How did they send them can I ask? Thinking of having a crack and just interested to know how they ship them, what kind of state they arrived in (e.g. in a pot, in an envelope?) I've got no clue - never ordered plants online before and I generally kill herbs pretty quickly when i try. 

Do they give instructions on planting them?


----------



## DU99 (21/3/14)

http://www.youtube.com/watch?v=OcBuaVyTfiU


----------



## Bizenya (21/3/14)

Hi Pat

They were sent Wednesday, and are sent via Aust. Post. They arrive in a large cardboard pack, and are taped into place. The tops of the Maxi-tubes are covered in tape to stop soil falling out. 

These tubes are taped into place within the cardboard pack, and have shredded paper around the plant. whole pack is sealed with tape. 

They come in good nick, unfortunately they were sent on a hot day in SA and Vic so a little drier than normal but no real issue. Just pot them up and water them and they will be fine

The photo attached is of two other plant (Spanish Liquorice) which I haven't potted up yet

I have had a number of plants from diggers- always been fine.


----------



## Bizenya (21/3/14)

Whoops

with attachment this time

you can see the tape across the top of the pot holding in soil etc.


----------



## Robrock (24/3/14)

Well ordered 2 cascades from diggers today will see how it all goes ... Really would love a citra if anyone can help


----------



## sp0rk (24/3/14)

Robrock said:


> Well ordered 2 cascades from diggers today will see how it all goes ... Really would love a citra if anyone can help


Citra is a proprietary cultivar
You can't buy it


----------



## Robrock (31/3/14)

Anyone ordered from diggers ? I ordered on the 24th of March just wonder when I might see them .. If you've ordered about how long did it take to receive ? Cheers Rob


----------



## Robrock (29/4/14)

Not sure what to think my hops plant turned up from diggers after near a month and they turn up dead foliage and dry soil .. Anyone had this happen. Not what I expected and I'm disappointed


----------



## Robrock (29/4/14)




----------



## Yob (29/4/14)

break them out of the soil and inspect, if the rhizome is withered *and dry* theyre fucked, if you can see little button nodes that still contain moisture you might be OK.
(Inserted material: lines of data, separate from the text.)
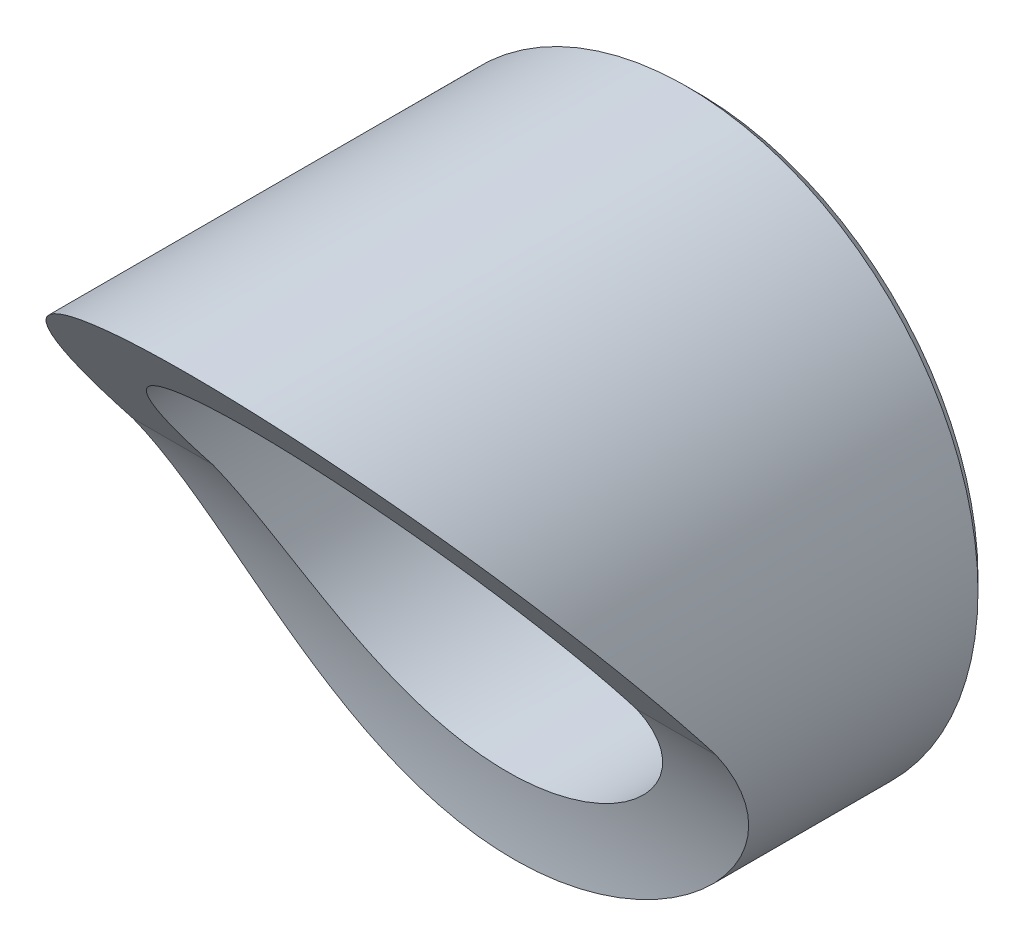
ISO-10303-21;
HEADER;
FILE_DESCRIPTION(('STEP AP214'),'2;1');
FILE_NAME('part.step','',(''),(''),'','','');
FILE_SCHEMA(('AUTOMOTIVE_DESIGN { 1 0 10303 214 1 1 1 1 }'));
ENDSEC;
DATA;
#1=APPLICATION_CONTEXT('core data for automotive mechanical design processes');
#2=APPLICATION_PROTOCOL_DEFINITION('international standard','automotive_design',2000,#1);
#3=PRODUCT_CONTEXT('',#1,'mechanical');
#4=PRODUCT('Part','Part','',(#3));
#5=PRODUCT_RELATED_PRODUCT_CATEGORY('part','',(#4));
#6=PRODUCT_DEFINITION_FORMATION('','',#4);
#7=PRODUCT_DEFINITION_CONTEXT('part definition',#1,'design');
#8=PRODUCT_DEFINITION('design','',#6,#7);
#9=PRODUCT_DEFINITION_SHAPE('','',#8);
#10=(LENGTH_UNIT() NAMED_UNIT(*) SI_UNIT(.MILLI.,.METRE.));
#11=(NAMED_UNIT(*) PLANE_ANGLE_UNIT() SI_UNIT($,.RADIAN.));
#12=(NAMED_UNIT(*) SI_UNIT($,.STERADIAN.) SOLID_ANGLE_UNIT());
#13=UNCERTAINTY_MEASURE_WITH_UNIT(LENGTH_MEASURE(1.E-05),#10,'distance_accuracy_value','');
#14=(GEOMETRIC_REPRESENTATION_CONTEXT(3) GLOBAL_UNCERTAINTY_ASSIGNED_CONTEXT((#13)) GLOBAL_UNIT_ASSIGNED_CONTEXT((#10,
#11,#12)) REPRESENTATION_CONTEXT('',''));
#15=CARTESIAN_POINT('',(0.,0.,0.));
#16=DIRECTION('',(0.,0.,1.));
#17=DIRECTION('',(1.,0.,0.));
#18=AXIS2_PLACEMENT_3D('',#15,#16,#17);
#19=CARTESIAN_POINT('',(0.,0.,0.));
#20=DIRECTION('',(0.,0.,1.));
#21=DIRECTION('',(1.,0.,0.));
#22=AXIS2_PLACEMENT_3D('',#19,#20,#21);
#23=PLANE('',#22);
#24=CARTESIAN_POINT('',(0.,0.,0.));
#25=DIRECTION('',(0.,0.,1.));
#26=DIRECTION('',(1.,0.,0.));
#27=AXIS2_PLACEMENT_3D('',#24,#25,#26);
#28=CIRCLE('',#27,11.5);
#29=CARTESIAN_POINT('',(11.5,0.,0.));
#30=VERTEX_POINT('',#29);
#31=EDGE_CURVE('E58',#30,#30,#28,.F.);
#32=ORIENTED_EDGE('',*,*,#31,.T.);
#33=EDGE_LOOP('',(#32));
#34=FACE_BOUND('',#33,.T.);
#35=CARTESIAN_POINT('',(0.,0.,0.));
#36=DIRECTION('',(0.,0.,-1.));
#37=DIRECTION('',(-1.,0.,0.));
#38=AXIS2_PLACEMENT_3D('',#35,#36,#37);
#39=CIRCLE('',#38,10.025);
#40=CARTESIAN_POINT('',(-10.025,0.,0.));
#41=VERTEX_POINT('',#40);
#42=EDGE_CURVE('E123',#41,#41,#39,.T.);
#43=ORIENTED_EDGE('',*,*,#42,.F.);
#44=EDGE_LOOP('',(#43));
#45=FACE_BOUND('',#44,.T.);
#46=ADVANCED_FACE('F49',(#34,#45),#23,.F.);
#47=CARTESIAN_POINT('',(0.,0.,21.));
#48=DIRECTION('',(0.,0.,-1.));
#49=DIRECTION('',(-1.,0.,0.));
#50=AXIS2_PLACEMENT_3D('',#47,#48,#49);
#51=CYLINDRICAL_SURFACE('',#50,12.);
#52=CARTESIAN_POINT('',(0.,0.,0.500000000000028));
#53=DIRECTION('',(0.,0.,1.));
#54=DIRECTION('',(1.,0.,0.));
#55=AXIS2_PLACEMENT_3D('',#52,#53,#54);
#56=CIRCLE('',#55,12.);
#57=CARTESIAN_POINT('',(12.,0.,0.500000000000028));
#58=VERTEX_POINT('',#57);
#59=EDGE_CURVE('E103',#58,#58,#56,.T.);
#60=ORIENTED_EDGE('',*,*,#59,.T.);
#61=EDGE_LOOP('',(#60));
#62=FACE_BOUND('',#61,.T.);
#63=CARTESIAN_POINT('',(11.9911472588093,-0.460855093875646,11.2645130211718));
#64=CARTESIAN_POINT('',(11.9860302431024,-0.593990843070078,11.1704663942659));
#65=CARTESIAN_POINT('',(11.9786509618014,-0.728210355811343,11.0780976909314));
#66=CARTESIAN_POINT('',(11.9591432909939,-0.998638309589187,10.8968104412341));
#67=CARTESIAN_POINT('',(11.9470144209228,-1.13484695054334,10.8078922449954));
#68=CARTESIAN_POINT('',(11.9031548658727,-1.54627760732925,10.5464004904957));
#69=CARTESIAN_POINT('',(11.8639556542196,-1.82417795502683,10.3791789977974));
#70=CARTESIAN_POINT('',(11.764007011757,-2.38526149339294,10.0597261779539));
#71=CARTESIAN_POINT('',(11.7032242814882,-2.66845220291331,9.90751848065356));
#72=CARTESIAN_POINT('',(11.5588575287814,-3.23710026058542,9.61908851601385));
#73=CARTESIAN_POINT('',(11.475279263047,-3.5225570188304,9.4828622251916));
#74=CARTESIAN_POINT('',(11.2839824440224,-4.09426702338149,9.22615878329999));
#75=CARTESIAN_POINT('',(11.1761511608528,-4.38051761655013,9.10575947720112));
#76=CARTESIAN_POINT('',(10.9361525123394,-4.94932837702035,8.88151982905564));
#77=CARTESIAN_POINT('',(10.8039830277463,-5.23188822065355,8.77768093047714));
#78=CARTESIAN_POINT('',(10.5156778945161,-5.78954809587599,8.58639850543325));
#79=CARTESIAN_POINT('',(10.3595858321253,-6.0646606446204,8.49892579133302));
#80=CARTESIAN_POINT('',(10.0238657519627,-6.6047869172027,8.33939304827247));
#81=CARTESIAN_POINT('',(9.84423929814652,-6.86980131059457,8.26733199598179));
#82=CARTESIAN_POINT('',(9.47512586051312,-7.36967121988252,8.1417875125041));
#83=CARTESIAN_POINT('',(9.28707712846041,-7.60536209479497,8.08739050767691));
#84=CARTESIAN_POINT('',(8.89248641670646,-8.06318823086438,7.98989299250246));
#85=CARTESIAN_POINT('',(8.6859452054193,-8.28532405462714,7.94679201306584));
#86=CARTESIAN_POINT('',(8.25551181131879,-8.7142945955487,7.87053843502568));
#87=CARTESIAN_POINT('',(8.03160557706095,-8.92111665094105,7.83739400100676));
#88=CARTESIAN_POINT('',(7.56804898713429,-9.31759979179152,7.77968529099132));
#89=CARTESIAN_POINT('',(7.32839807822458,-9.50726027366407,7.75512131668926));
#90=CARTESIAN_POINT('',(6.82854744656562,-9.87265085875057,7.71258952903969));
#91=CARTESIAN_POINT('',(6.56797722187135,-10.0478957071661,7.6948081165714));
#92=CARTESIAN_POINT('',(6.03365908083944,-10.3775482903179,7.66523016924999));
#93=CARTESIAN_POINT('',(5.75991104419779,-10.5319558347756,7.65343368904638));
#94=CARTESIAN_POINT('',(5.20103692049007,-10.8188666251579,7.63438949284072));
#95=CARTESIAN_POINT('',(4.91591138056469,-10.9513709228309,7.6271415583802));
#96=CARTESIAN_POINT('',(4.33608605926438,-11.193618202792,7.61589491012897));
#97=CARTESIAN_POINT('',(4.04138598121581,-11.3033604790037,7.61189629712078));
#98=CARTESIAN_POINT('',(3.42785389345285,-11.5047686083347,7.60586421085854));
#99=CARTESIAN_POINT('',(3.10858539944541,-11.5951108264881,7.60395071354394));
#100=CARTESIAN_POINT('',(2.46365509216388,-11.749056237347,7.60142610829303));
#101=CARTESIAN_POINT('',(2.13799306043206,-11.8126585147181,7.60081504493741));
#102=CARTESIAN_POINT('',(1.48247275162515,-11.9126913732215,7.60012787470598));
#103=CARTESIAN_POINT('',(1.15261388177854,-11.9491180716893,7.600051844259));
#104=CARTESIAN_POINT('',(0.491014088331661,-11.9945342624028,7.59998784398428));
#105=CARTESIAN_POINT('',(0.159273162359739,-12.0035237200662,7.59999987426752));
#106=CARTESIAN_POINT('',(-0.509419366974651,-11.9939225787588,7.60000020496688));
#107=CARTESIAN_POINT('',(-0.846364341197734,-11.9748635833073,7.59998810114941));
#108=CARTESIAN_POINT('',(-1.51745702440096,-11.908443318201,7.60018211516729));
#109=CARTESIAN_POINT('',(-1.85160468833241,-11.8610815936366,7.60038823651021));
#110=CARTESIAN_POINT('',(-2.5147495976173,-11.738387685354,7.60161712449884));
#111=CARTESIAN_POINT('',(-2.84374646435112,-11.663053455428,7.60263995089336));
#112=CARTESIAN_POINT('',(-3.49421986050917,-11.4849525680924,7.606434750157));
#113=CARTESIAN_POINT('',(-3.81569640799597,-11.3821859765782,7.60920671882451));
#114=CARTESIAN_POINT('',(-4.4488979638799,-11.1499350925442,7.61773571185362));
#115=CARTESIAN_POINT('',(-4.76062066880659,-11.0204445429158,7.62349343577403));
#116=CARTESIAN_POINT('',(-5.37196826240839,-10.7357187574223,7.63949119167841));
#117=CARTESIAN_POINT('',(-5.67159307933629,-10.5804833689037,7.64973125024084));
#118=CARTESIAN_POINT('',(-6.256541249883,-10.2454526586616,7.67640114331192));
#119=CARTESIAN_POINT('',(-6.54186325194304,-10.0656550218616,7.69283156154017));
#120=CARTESIAN_POINT('',(-7.09598995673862,-9.68298948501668,7.73373538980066));
#121=CARTESIAN_POINT('',(-7.36479507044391,-9.48012215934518,7.75820859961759));
#122=CARTESIAN_POINT('',(-7.87882549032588,-9.05719354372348,7.81655830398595));
#123=CARTESIAN_POINT('',(-8.12440311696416,-8.83753468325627,7.85024626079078));
#124=CARTESIAN_POINT('',(-8.59576842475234,-8.37977822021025,7.92900849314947));
#125=CARTESIAN_POINT('',(-8.82155633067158,-8.14168082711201,7.97408263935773));
#126=CARTESIAN_POINT('',(-9.25141975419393,-7.64969452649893,8.07724584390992));
#127=CARTESIAN_POINT('',(-9.45551773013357,-7.39582239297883,8.13532124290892));
#128=CARTESIAN_POINT('',(-9.84083547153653,-6.87480314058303,8.26597681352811));
#129=CARTESIAN_POINT('',(-10.0220567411,-6.60765689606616,8.33855603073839));
#130=CARTESIAN_POINT('',(-10.3507430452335,-6.07892546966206,8.49470248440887));
#131=CARTESIAN_POINT('',(-10.4995564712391,-5.81791674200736,8.57738801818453));
#132=CARTESIAN_POINT('',(-10.7754356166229,-5.28950022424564,8.75730724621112));
#133=CARTESIAN_POINT('',(-10.902501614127,-5.02209251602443,8.85454075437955));
#134=CARTESIAN_POINT('',(-11.1348974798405,-4.48332916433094,9.06400005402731));
#135=CARTESIAN_POINT('',(-11.2402019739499,-4.21196930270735,9.17624309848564));
#136=CARTESIAN_POINT('',(-11.4291791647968,-3.66833264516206,9.41562481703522));
#137=CARTESIAN_POINT('',(-11.5128541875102,-3.39605595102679,9.54276188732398));
#138=CARTESIAN_POINT('',(-11.647545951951,-2.89662876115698,9.7900759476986));
#139=CARTESIAN_POINT('',(-11.7016469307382,-2.66923547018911,9.90810613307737));
#140=CARTESIAN_POINT('',(-11.7957002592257,-2.21693634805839,10.1541424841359));
#141=CARTESIAN_POINT('',(-11.8356526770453,-1.99203050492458,10.282148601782));
#142=CARTESIAN_POINT('',(-11.9020460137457,-1.54656544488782,10.5473561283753));
#143=CARTESIAN_POINT('',(-11.9285244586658,-1.32599581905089,10.6845307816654));
#144=CARTESIAN_POINT('',(-11.9689869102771,-0.88961930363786,10.9678824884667));
#145=CARTESIAN_POINT('',(-11.9829742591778,-0.673811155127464,11.1140571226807));
#146=CARTESIAN_POINT('',(-11.9911472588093,-0.46085509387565,11.2645130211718));
#147=B_SPLINE_CURVE_WITH_KNOTS('',3,(#63,#64,#65,#66,#67,#68,#69,#70,#71,#72,#73,#74,#75,#76,
#77,#78,#79,#80,#81,#82,#83,#84,#85,#86,#87,#88,#89,#90,#91,#92,#93,#94,#95,#96,#97,#98,#99,
#100,#101,#102,#103,#104,#105,#106,#107,#108,#109,#110,#111,#112,#113,#114,#115,#116,#117,#118,
#119,#120,#121,#122,#123,#124,#125,#126,#127,#128,#129,#130,#131,#132,#133,#134,#135,#136,#137,
#138,#139,#140,#141,#142,#143,#144,#145,#146),.UNSPECIFIED.,.F.,.F.,(4,2,2,2,2,2,2,2,2,2,2,2,2,
2,2,2,2,2,2,2,2,2,2,2,2,2,2,2,2,2,2,2,2,2,2,2,2,2,2,2,2,4),(0.,0.489193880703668,
0.978437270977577,1.95738716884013,2.93785401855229,3.91807349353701,4.90294688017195,
5.88790606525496,6.87109156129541,7.85421175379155,8.77229959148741,9.69034929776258,
10.6091497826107,11.5279825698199,12.4705059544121,13.4130379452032,14.355524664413,
15.2980406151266,16.2923155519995,17.2866245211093,18.2810755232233,19.2755277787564,
20.2867765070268,21.2980414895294,22.3093804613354,23.3207170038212,24.3322906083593,
25.3438702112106,26.3555452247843,27.3671950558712,28.3595216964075,29.3518370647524,
30.3431147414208,31.3343272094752,32.2680370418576,33.2017349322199,34.1365154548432,
35.0711954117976,35.8561684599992,36.6411377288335,37.4239086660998,38.2064700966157),.UNSPECIFIED.);
#148=CARTESIAN_POINT('',(11.9911472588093,-0.460855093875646,11.2645130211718));
#149=VERTEX_POINT('',#148);
#150=CARTESIAN_POINT('',(-11.9911472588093,-0.460855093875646,11.2645130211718));
#151=VERTEX_POINT('',#150);
#152=EDGE_CURVE('E88',#149,#151,#147,.T.);
#153=ORIENTED_EDGE('',*,*,#152,.T.);
#154=CARTESIAN_POINT('',(0.,0.,11.6245724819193));
#155=DIRECTION('',(0.,0.615661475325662,-0.788010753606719));
#156=DIRECTION('',(0.,-0.788010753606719,-0.615661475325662));
#157=AXIS2_PLACEMENT_3D('',#154,#155,#156);
#158=ELLIPSE('',#157,15.228218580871,12.);
#159=EDGE_CURVE('E85',#151,#149,#158,.T.);
#160=ORIENTED_EDGE('',*,*,#159,.T.);
#161=EDGE_LOOP('',(#153,#160));
#162=FACE_BOUND('',#161,.T.);
#163=ADVANCED_FACE('F104',(#62,#162),#51,.T.);
#164=CARTESIAN_POINT('',(-50.,-12.,27.6));
#165=DIRECTION('',(1.,0.,0.));
#166=DIRECTION('',(0.,0.,-1.));
#167=AXIS2_PLACEMENT_3D('',#164,#165,#166);
#168=CYLINDRICAL_SURFACE('',#167,20.);
#169=DIRECTION('',(1.,0.,0.));
#170=VECTOR('',#169,1.);
#171=CARTESIAN_POINT('',(-50.,-0.460855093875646,11.2645130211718));
#172=LINE('',#171,#170);
#173=CARTESIAN_POINT('',(8.73785514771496,-0.460855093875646,11.2645130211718));
#174=VERTEX_POINT('',#173);
#175=EDGE_CURVE('E80',#174,#149,#172,.T.);
#176=ORIENTED_EDGE('',*,*,#175,.F.);
#177=CARTESIAN_POINT('',(8.73785514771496,-0.460855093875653,11.2645130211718));
#178=CARTESIAN_POINT('',(8.72650180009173,-0.676511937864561,11.1121253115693));
#179=CARTESIAN_POINT('',(8.70694901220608,-0.8950177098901,10.9642283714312));
#180=CARTESIAN_POINT('',(8.65022569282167,-1.33623443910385,10.6780360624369));
#181=CARTESIAN_POINT('',(8.61304082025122,-1.55894867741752,10.5397486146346));
#182=CARTESIAN_POINT('',(8.51968657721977,-2.00751351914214,10.2731820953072));
#183=CARTESIAN_POINT('',(8.46345145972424,-2.23337235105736,10.1449396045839));
#184=CARTESIAN_POINT('',(8.33109472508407,-2.68528788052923,9.89965579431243));
#185=CARTESIAN_POINT('',(8.25497851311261,-2.91134450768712,9.782611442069));
#186=CARTESIAN_POINT('',(8.08173165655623,-3.36256196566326,9.55953571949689));
#187=CARTESIAN_POINT('',(7.98448937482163,-3.58771130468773,9.45356746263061));
#188=CARTESIAN_POINT('',(7.76895304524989,-4.03325004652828,9.25359635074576));
#189=CARTESIAN_POINT('',(7.6506569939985,-4.25363899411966,9.15959463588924));
#190=CARTESIAN_POINT('',(7.39349341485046,-4.68635758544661,8.98374203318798));
#191=CARTESIAN_POINT('',(7.25467562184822,-4.89870519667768,8.90186270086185));
#192=CARTESIAN_POINT('',(6.95687453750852,-5.31314292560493,8.74967704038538));
#193=CARTESIAN_POINT('',(6.7978934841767,-5.5152341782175,8.67936942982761));
#194=CARTESIAN_POINT('',(6.47703352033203,-5.88770083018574,8.55598463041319));
#195=CARTESIAN_POINT('',(6.31690736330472,-6.05925647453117,8.50190023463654));
#196=CARTESIAN_POINT('',(5.98203287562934,-6.39008362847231,8.40211752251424));
#197=CARTESIAN_POINT('',(5.80728544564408,-6.54935589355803,8.35641869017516));
#198=CARTESIAN_POINT('',(5.44423972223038,-6.85412057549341,8.27268957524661));
#199=CARTESIAN_POINT('',(5.2559321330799,-6.99960337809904,8.23466462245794));
#200=CARTESIAN_POINT('',(4.8672235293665,-7.27525982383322,8.16557101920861));
#201=CARTESIAN_POINT('',(4.66682242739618,-7.40543335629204,8.13450241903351));
#202=CARTESIAN_POINT('',(4.25992992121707,-7.64658046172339,8.07917240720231));
#203=CARTESIAN_POINT('',(4.05366974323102,-7.75791365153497,8.05477618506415));
#204=CARTESIAN_POINT('',(3.63233875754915,-7.96389519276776,8.01120343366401));
#205=CARTESIAN_POINT('',(3.41726412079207,-8.05853619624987,7.99202920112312));
#206=CARTESIAN_POINT('',(2.97992773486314,-8.23029237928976,7.95828500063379));
#207=CARTESIAN_POINT('',(2.75766736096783,-8.30741089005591,7.9437141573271));
#208=CARTESIAN_POINT('',(2.30754574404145,-8.44351792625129,7.91863254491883));
#209=CARTESIAN_POINT('',(2.07968691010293,-8.50251410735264,7.90812006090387));
#210=CARTESIAN_POINT('',(1.61526975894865,-8.60296211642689,7.8905405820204));
#211=CARTESIAN_POINT('',(1.37862852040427,-8.6440435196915,7.88354591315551));
#212=CARTESIAN_POINT('',(0.902694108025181,-8.70662122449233,7.87299657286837));
#213=CARTESIAN_POINT('',(0.663400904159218,-8.72811730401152,7.86944194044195));
#214=CARTESIAN_POINT('',(0.183797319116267,-8.75136367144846,7.86560105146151));
#215=CARTESIAN_POINT('',(-0.0565131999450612,-8.75311119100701,7.86531525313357));
#216=CARTESIAN_POINT('',(-0.53644632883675,-8.73684018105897,7.86799921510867));
#217=CARTESIAN_POINT('',(-0.776068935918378,-8.71882157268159,7.87096898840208));
#218=CARTESIAN_POINT('',(-1.2554056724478,-8.66286755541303,7.88035598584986));
#219=CARTESIAN_POINT('',(-1.49509551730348,-8.62472970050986,7.88680826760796));
#220=CARTESIAN_POINT('',(-1.97035767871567,-8.52871409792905,7.9034890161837));
#221=CARTESIAN_POINT('',(-2.20592995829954,-8.47083617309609,7.91371751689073));
#222=CARTESIAN_POINT('',(-2.67125431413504,-8.33580161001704,7.93840401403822));
#223=CARTESIAN_POINT('',(-2.90100647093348,-8.25864523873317,7.95286195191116));
#224=CARTESIAN_POINT('',(-3.35301819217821,-8.0856863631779,7.98658862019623));
#225=CARTESIAN_POINT('',(-3.57527781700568,-7.98988400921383,8.00585731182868));
#226=CARTESIAN_POINT('',(-4.0096481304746,-7.78094030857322,8.04978590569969));
#227=CARTESIAN_POINT('',(-4.22180146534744,-7.66788224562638,8.07442014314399));
#228=CARTESIAN_POINT('',(-4.63550316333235,-7.42510137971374,8.1298742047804));
#229=CARTESIAN_POINT('',(-4.83705155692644,-7.29537862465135,8.16069401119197));
#230=CARTESIAN_POINT('',(-5.22802468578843,-7.02049509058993,8.22928539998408));
#231=CARTESIAN_POINT('',(-5.41745159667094,-6.87533709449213,8.2670557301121));
#232=CARTESIAN_POINT('',(-5.78284700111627,-6.57097508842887,8.35030991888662));
#233=CARTESIAN_POINT('',(-5.95881576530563,-6.41177136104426,8.39579362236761));
#234=CARTESIAN_POINT('',(-6.29287229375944,-6.08407433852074,8.49422797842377));
#235=CARTESIAN_POINT('',(-6.45123618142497,-5.91581489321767,8.54702041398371));
#236=CARTESIAN_POINT('',(-6.75287178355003,-5.56902436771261,8.66126007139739));
#237=CARTESIAN_POINT('',(-6.89614371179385,-5.39049343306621,8.72270717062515));
#238=CARTESIAN_POINT('',(-7.16681848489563,-5.02502836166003,8.85466729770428));
#239=CARTESIAN_POINT('',(-7.29422498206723,-4.83809617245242,8.92517823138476));
#240=CARTESIAN_POINT('',(-7.53271425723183,-4.45770249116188,9.07554135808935));
#241=CARTESIAN_POINT('',(-7.64379725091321,-4.26424108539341,9.15539342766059));
#242=CARTESIAN_POINT('',(-7.84907404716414,-3.87338384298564,9.32424358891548));
#243=CARTESIAN_POINT('',(-7.94332385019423,-3.67600357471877,9.41320974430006));
#244=CARTESIAN_POINT('',(-8.11545667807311,-3.27853220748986,9.60043717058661));
#245=CARTESIAN_POINT('',(-8.19333871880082,-3.07844094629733,9.69869899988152));
#246=CARTESIAN_POINT('',(-8.33306158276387,-2.67725997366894,9.90431305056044));
#247=CARTESIAN_POINT('',(-8.39489721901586,-2.47616996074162,10.0116681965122));
#248=CARTESIAN_POINT('',(-8.50301691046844,-2.07470886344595,10.2350531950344));
#249=CARTESIAN_POINT('',(-8.5493043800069,-1.87433763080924,10.3510811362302));
#250=CARTESIAN_POINT('',(-8.62831042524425,-1.46925209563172,10.5952655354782));
#251=CARTESIAN_POINT('',(-8.66054177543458,-1.26460689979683,10.7236928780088));
#252=CARTESIAN_POINT('',(-8.71007420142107,-0.859469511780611,10.9883396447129));
#253=CARTESIAN_POINT('',(-8.72742089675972,-0.658966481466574,11.1245338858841));
#254=CARTESIAN_POINT('',(-8.73785514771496,-0.460855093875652,11.2645130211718));
#255=B_SPLINE_CURVE_WITH_KNOTS('',3,(#177,#178,#179,#180,#181,#182,#183,#184,#185,#186,#187,
#188,#189,#190,#191,#192,#193,#194,#195,#196,#197,#198,#199,#200,#201,#202,#203,#204,#205,#206,
#207,#208,#209,#210,#211,#212,#213,#214,#215,#216,#217,#218,#219,#220,#221,#222,#223,#224,#225,
#226,#227,#228,#229,#230,#231,#232,#233,#234,#235,#236,#237,#238,#239,#240,#241,#242,#243,#244,
#245,#246,#247,#248,#249,#250,#251,#252,#253,#254),.UNSPECIFIED.,.F.,.F.,(4,2,2,2,2,2,2,2,2,2,2,
2,2,2,2,2,2,2,2,2,2,2,2,2,2,2,2,2,2,2,2,2,2,2,2,2,2,2,4),(0.,0.792876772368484,1.58639954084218,
2.38268933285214,3.17876285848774,3.97915011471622,4.77961357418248,5.5781679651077,
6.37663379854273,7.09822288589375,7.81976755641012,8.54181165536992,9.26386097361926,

Either way, Id be complaining.

*ed*

ed ed.. the one on the right looks like it still contains moisture, the one on the left cant tell


----------



## Bizenya (29/4/14)

I'd get onto them ASAP. They should offer a refund or maybe replace? Mine arrived two dats after said they were sent

?

Bugger man

If not, let mine grow and I'll send you a piece (unfortunately that will be this time next year!!)


----------



## shaunous (29/4/14)

Diggers are Awesome to deal with, it probably wouldnt have been there fault, it's probably been sitting in a couriers storage shed the whole time, I've used them for years along with my Grandmother, and we've never had a problem, I've even had them replace an apple tree that died 2 years after they gave it to me, which im pretty sure was my fault anyway.

Just give them a call, they'll even help you with drama's on other plants if you email them photo's of pests and fungi's on the plants.


Just a happy Diggers member


----------



## Bizenya (29/4/14)

Bizenya said:


> I'd get onto them ASAP. They should offer a refund or maybe replace? Mine arrived two dats after said they were sent
> 
> ?
> 
> ...


Sorry I should highlight I have had the same experiences with diggers - very happy to assist if plants are not 100%

Sorry for not just editing- can't seem to do it on my iPad?


----------